▶ _Work required_
Without including any picture, copy the entries that follow word for word.

[[ Given data, beginning ]]

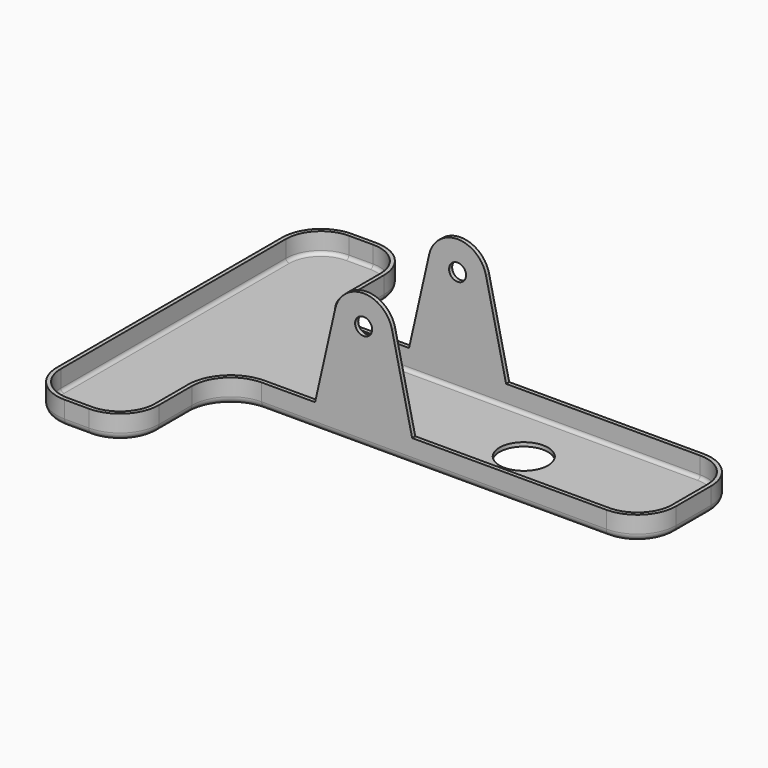
from build123d import *

# Parameters (mm, degrees)
F0_W      = 21
F0_H      = 24.5
F0_H_2    = 25
F0_R      = 5
F1_DEPTH  = 5
F2_R      = 8
F3_R      = 1.5
F4_T      = -0.8
F5_DEPTH  = 1.5
F7_DEPTH  = 0.8
F9_DEPTH  = 0.8
F11_DEPTH = 5
F12_R     = 0.99999


# Not quite as in the source:
# - a fillet or chamfer is up to 0.001 mm smaller than in the source, because OpenCascade refuses the exact size


with BuildPart() as f1:
    # F0 (on Top) → F1 (new body)
    with BuildSketch(Plane.XY):
        with Locations((-43.5, -24.75)):
            Rectangle(F0_W, F0_H)
        with Locations((-43.5, 0)):
            Rectangle(F0_W, F0_H_2)
        with Locations((-43.5, 24.75)):
            Rectangle(F0_W, F0_H)
        Polygon((54, 0), (54, 12.5), (-33, 12.5), (-33, -12.5), (54, -12.5), align=None)
        with Locations((19, 0)):
            Circle(F0_R, mode=Mode.SUBTRACT)
        with Locations((19, 0)):
            Circle(F0_R)
    extrude(amount=F1_DEPTH)

    # F2
    f2_edges = [f1.edges().sort_by_distance(p)[0] for p in [
        (-54, -37, 2.5),
        (-33, -37, 2.5),
        (-33, -12.5, 2.5),
        (54, 12.5, 2.5),
        (54, -12.5, 2.5),
        (-33, 37, 2.5),
        (-54, 37, 2.5),
        (-33, 12.5, 2.5),
    ]]
    fillet(f2_edges, radius=F2_R)

    # F3
    f3_edges = [f1.edges().sort_by_distance(p)[0] for p in [
        (-33, -24.75, 0),
        (-35.343146, -34.656854, 0),
        (-30.656854, -14.843146, 0),
        (-43.5, -37, 0),
        (10.5, -12.5, 0),
        (-51.656854, -34.656854, 0),
        (51.656854, -10.156854, 0),
        (-54, 0, 0),
        (54, 0, 0),
        (-51.656854, 34.656854, 0),
        (51.656854, 10.156854, 0),
        (-43.5, 37, 0),
        (10.5, 12.5, 0),
        (-35.343146, 34.656854, 0),
        (-30.656854, 14.843146, 0),
        (-33, 24.75, 0),
    ]]
    fillet(f3_edges, radius=F3_R)

    # F4
    f4_openings = [f1.faces().sort_by_distance(p)[0] for p in [
        (-12.15639, 0, 5),
    ]]
    offset(amount=F4_T, openings=f4_openings)

    # F0 (on Top) → F5 (cut, symmetric)
    with BuildSketch(Plane.XY):
        with Locations((19, 0)):
            Circle(F0_R)
    extrude(amount=F5_DEPTH, both=True, mode=Mode.SUBTRACT)

    # F6 (on face) → F7 (join)
    with BuildSketch(Plane.XZ.offset(12.5)):
        with BuildLine():
            ThreePointArc((2, 22), (1.9628709881, 22.6664604857), (1.8519434737, 23.3246726316))
            ThreePointArc((1.8519434737, 23.3246726316), (-4, 28), (-9.8519434737, 23.3246726316))
            ThreePointArc((-9.8519434737, 23.3246726316), (-8.6876452399, 18.2548722178), (-4, 16))
            ThreePointArc((-4, 16), (0.2426406871, 17.7573593129), (2, 22))
        make_face()
        with BuildLine():
            ThreePointArc((-2.25, 22), (-2.7625631329, 20.7625631329), (-4, 20.25))
            ThreePointArc((-4, 20.25), (-5.2374368671, 23.2374368671), (-2.25, 22))
        make_face(mode=Mode.SUBTRACT)
        with BuildLine():
            Line((-14, 5), (-4, 5))
            Line((-4, 5), (-4, 16))
            ThreePointArc((-4, 16), (-8.6876452399, 18.2548722178), (-9.8519434737, 23.3246726316))
            Line((-9.8519434737, 23.3246726316), (-14, 5))
        make_face()
        with BuildLine():
            Line((-4, 5), (6, 5))
            Line((6, 5), (1.8519434737, 23.3246726316))
            ThreePointArc((1.8519434737, 23.3246726316), (1.9628709881, 22.6664604857), (2, 22))
            ThreePointArc((2, 22), (0.2426406871, 17.7573593129), (-4, 16))
            Line((-4, 16), (-4, 5))
        make_face()
    extrude(amount=-F7_DEPTH)

    # F8 (on face) → F9 (join)
    with BuildSketch(Plane(origin=(0, 12.5, 0), x_dir=(-1, 0, 0), z_dir=(0, 1, 0))):
        with BuildLine():
            ThreePointArc((-1.8519434737, 23.3246726316), (-0.6876452399, 18.2548722178), (4, 16))
            ThreePointArc((4, 16), (8.2426406871, 17.7573593129), (10, 22))
            ThreePointArc((10, 22), (9.9628709881, 22.6664604857), (9.8519434737, 23.3246726316))
            ThreePointArc((9.8519434737, 23.3246726316), (4, 28), (-1.8519434737, 23.3246726316))
        make_face()
        with BuildLine():
            ThreePointArc((5.75, 22), (5.2374368671, 20.7625631329), (4, 20.25))
            ThreePointArc((4, 20.25), (2.7625631329, 23.2374368671), (5.75, 22))
        make_face(mode=Mode.SUBTRACT)
        with BuildLine():
            Line((4, 16), (4, 5))
            Line((4, 5), (14, 5))
            Line((14, 5), (9.8519434737, 23.3246726316))
            ThreePointArc((9.8519434737, 23.3246726316), (9.9628709881, 22.6664604857), (10, 22))
            ThreePointArc((10, 22), (8.2426406871, 17.7573593129), (4, 16))
        make_face()
        with BuildLine():
            Line((-6, 5), (4, 5))
            Line((4, 5), (4, 16))
            ThreePointArc((4, 16), (-0.6876452399, 18.2548722178), (-1.8519434737, 23.3246726316))
            Line((-1.8519434737, 23.3246726316), (-6, 5))
        make_face()
    extrude(amount=-F9_DEPTH)

    # F10 (on Front) → F11 (join, symmetric)
    with BuildSketch(Plane.XZ):
        with BuildLine():
            ThreePointArc((37.5, 0), (38.5, -1), (39.5, 0))
            Line((39.5, 0), (38.5, 0))
            Line((38.5, 0), (37.5, 0))
        make_face()
        with BuildLine():
            ThreePointArc((45.5, 0), (46.5, -1), (47.5, 0))
            Line((47.5, 0), (46.5, 0))
            Line((46.5, 0), (45.5, 0))
        make_face()
    extrude(amount=F11_DEPTH, both=True)

    # F12 (radius 1 in the source; OpenCascade refuses exactly that, so slightly less here)
    f12_edges = [f1.edges().sort_by_distance(p)[0] for p in [
        (46.5, -5, -1),
        (38.5, -5, -1),
        (46.5, 5, -1),
        (38.5, 5, -1),
    ]]
    fillet(f12_edges, radius=F12_R)


solid = f1.part

[[ Given data, end ]]

▶ _Problem solution_
from build123d import *

# Parameters (mm, degrees)
F0_W      = 21
F0_H      = 24.5
F0_H_2    = 25
F0_R      = 5
F1_DEPTH  = 5
F2_R      = 8
F3_R      = 1.5
F4_T      = -0.8
F5_DEPTH  = 1.5
F7_DEPTH  = 0.8
F9_DEPTH  = 0.8
F11_DEPTH = 5
F12_R     = 0.99999


# Not quite as in the source:
# - a fillet or chamfer is up to 0.001 mm smaller than in the source, because OpenCascade refuses the exact size


with BuildPart() as f1:
    # F0 (on Top) → F1 (new body)
    with BuildSketch(Plane.XY):
        with Locations((-43.5, -24.75)):
            Rectangle(F0_W, F0_H)
        with Locations((-43.5, 0)):
            Rectangle(F0_W, F0_H_2)
        with Locations((-43.5, 24.75)):
            Rectangle(F0_W, F0_H)
        Polygon((54, 0), (54, 12.5), (-33, 12.5), (-33, -12.5), (54, -12.5), align=None)
        with Locations((19, 0)):
            Circle(F0_R, mode=Mode.SUBTRACT)
        with Locations((19, 0)):
            Circle(F0_R)
    extrude(amount=F1_DEPTH)

    # F2
    f2_edges = [f1.edges().sort_by_distance(p)[0] for p in [
        (-54, -37, 2.5),
        (-33, -37, 2.5),
        (-33, -12.5, 2.5),
        (54, 12.5, 2.5),
        (54, -12.5, 2.5),
        (-33, 37, 2.5),
        (-54, 37, 2.5),
        (-33, 12.5, 2.5),
    ]]
    fillet(f2_edges, radius=F2_R)

    # F3
    f3_edges = [f1.edges().sort_by_distance(p)[0] for p in [
        (-33, -24.75, 0),
        (-35.343146, -34.656854, 0),
        (-30.656854, -14.843146, 0),
        (-43.5, -37, 0),
        (10.5, -12.5, 0),
        (-51.656854, -34.656854, 0),
        (51.656854, -10.156854, 0),
        (-54, 0, 0),
        (54, 0, 0),
        (-51.656854, 34.656854, 0),
        (51.656854, 10.156854, 0),
        (-43.5, 37, 0),
        (10.5, 12.5, 0),
        (-35.343146, 34.656854, 0),
        (-30.656854, 14.843146, 0),
        (-33, 24.75, 0),
    ]]
    fillet(f3_edges, radius=F3_R)

    # F4
    f4_openings = [f1.faces().sort_by_distance(p)[0] for p in [
        (-12.15639, 0, 5),
    ]]
    offset(amount=F4_T, openings=f4_openings)

    # F0 (on Top) → F5 (cut, symmetric)
    with BuildSketch(Plane.XY):
        with Locations((19, 0)):
            Circle(F0_R)
    extrude(amount=F5_DEPTH, both=True, mode=Mode.SUBTRACT)

    # F6 (on face) → F7 (join)
    with BuildSketch(Plane.XZ.offset(12.5)):
        with BuildLine():
            ThreePointArc((2, 22), (1.9628709881, 22.6664604857), (1.8519434737, 23.3246726316))
            ThreePointArc((1.8519434737, 23.3246726316), (-4, 28), (-9.8519434737, 23.3246726316))
            ThreePointArc((-9.8519434737, 23.3246726316), (-8.6876452399, 18.2548722178), (-4, 16))
            ThreePointArc((-4, 16), (0.2426406871, 17.7573593129), (2, 22))
        make_face()
        with BuildLine():
            ThreePointArc((-2.25, 22), (-2.7625631329, 20.7625631329), (-4, 20.25))
            ThreePointArc((-4, 20.25), (-5.2374368671, 23.2374368671), (-2.25, 22))
        make_face(mode=Mode.SUBTRACT)
        with BuildLine():
            Line((-14, 5), (-4, 5))
            Line((-4, 5), (-4, 16))
            ThreePointArc((-4, 16), (-8.6876452399, 18.2548722178), (-9.8519434737, 23.3246726316))
            Line((-9.8519434737, 23.3246726316), (-14, 5))
        make_face()
        with BuildLine():
            Line((-4, 5), (6, 5))
            Line((6, 5), (1.8519434737, 23.3246726316))
            ThreePointArc((1.8519434737, 23.3246726316), (1.9628709881, 22.6664604857), (2, 22))
            ThreePointArc((2, 22), (0.2426406871, 17.7573593129), (-4, 16))
            Line((-4, 16), (-4, 5))
        make_face()
    extrude(amount=-F7_DEPTH)

    # F8 (on face) → F9 (join)
    with BuildSketch(Plane(origin=(0, 12.5, 0), x_dir=(-1, 0, 0), z_dir=(0, 1, 0))):
        with BuildLine():
            ThreePointArc((-1.8519434737, 23.3246726316), (-0.6876452399, 18.2548722178), (4, 16))
            ThreePointArc((4, 16), (8.2426406871, 17.7573593129), (10, 22))
            ThreePointArc((10, 22), (9.9628709881, 22.6664604857), (9.8519434737, 23.3246726316))
            ThreePointArc((9.8519434737, 23.3246726316), (4, 28), (-1.8519434737, 23.3246726316))
        make_face()
        with BuildLine():
            ThreePointArc((5.75, 22), (5.2374368671, 20.7625631329), (4, 20.25))
            ThreePointArc((4, 20.25), (2.7625631329, 23.2374368671), (5.75, 22))
        make_face(mode=Mode.SUBTRACT)
        with BuildLine():
            Line((4, 16), (4, 5))
            Line((4, 5), (14, 5))
            Line((14, 5), (9.8519434737, 23.3246726316))
            ThreePointArc((9.8519434737, 23.3246726316), (9.9628709881, 22.6664604857), (10, 22))
            ThreePointArc((10, 22), (8.2426406871, 17.7573593129), (4, 16))
        make_face()
        with BuildLine():
            Line((-6, 5), (4, 5))
            Line((4, 5), (4, 16))
            ThreePointArc((4, 16), (-0.6876452399, 18.2548722178), (-1.8519434737, 23.3246726316))
            Line((-1.8519434737, 23.3246726316), (-6, 5))
        make_face()
    extrude(amount=-F9_DEPTH)

    # F10 (on Front) → F11 (join, symmetric)
    with BuildSketch(Plane.XZ):
        with BuildLine():
            ThreePointArc((37.5, 0), (38.5, -1), (39.5, 0))
            Line((39.5, 0), (38.5, 0))
            Line((38.5, 0), (37.5, 0))
        make_face()
        with BuildLine():
            ThreePointArc((45.5, 0), (46.5, -1), (47.5, 0))
            Line((47.5, 0), (46.5, 0))
            Line((46.5, 0), (45.5, 0))
        make_face()
    extrude(amount=F11_DEPTH, both=True)

    # F12 (radius 1 in the source; OpenCascade refuses exactly that, so slightly less here)
    f12_edges = [f1.edges().sort_by_distance(p)[0] for p in [
        (46.5, -5, -1),
        (38.5, -5, -1),
        (46.5, 5, -1),
        (38.5, 5, -1),
    ]]
    fillet(f12_edges, radius=F12_R)


solid = f1.part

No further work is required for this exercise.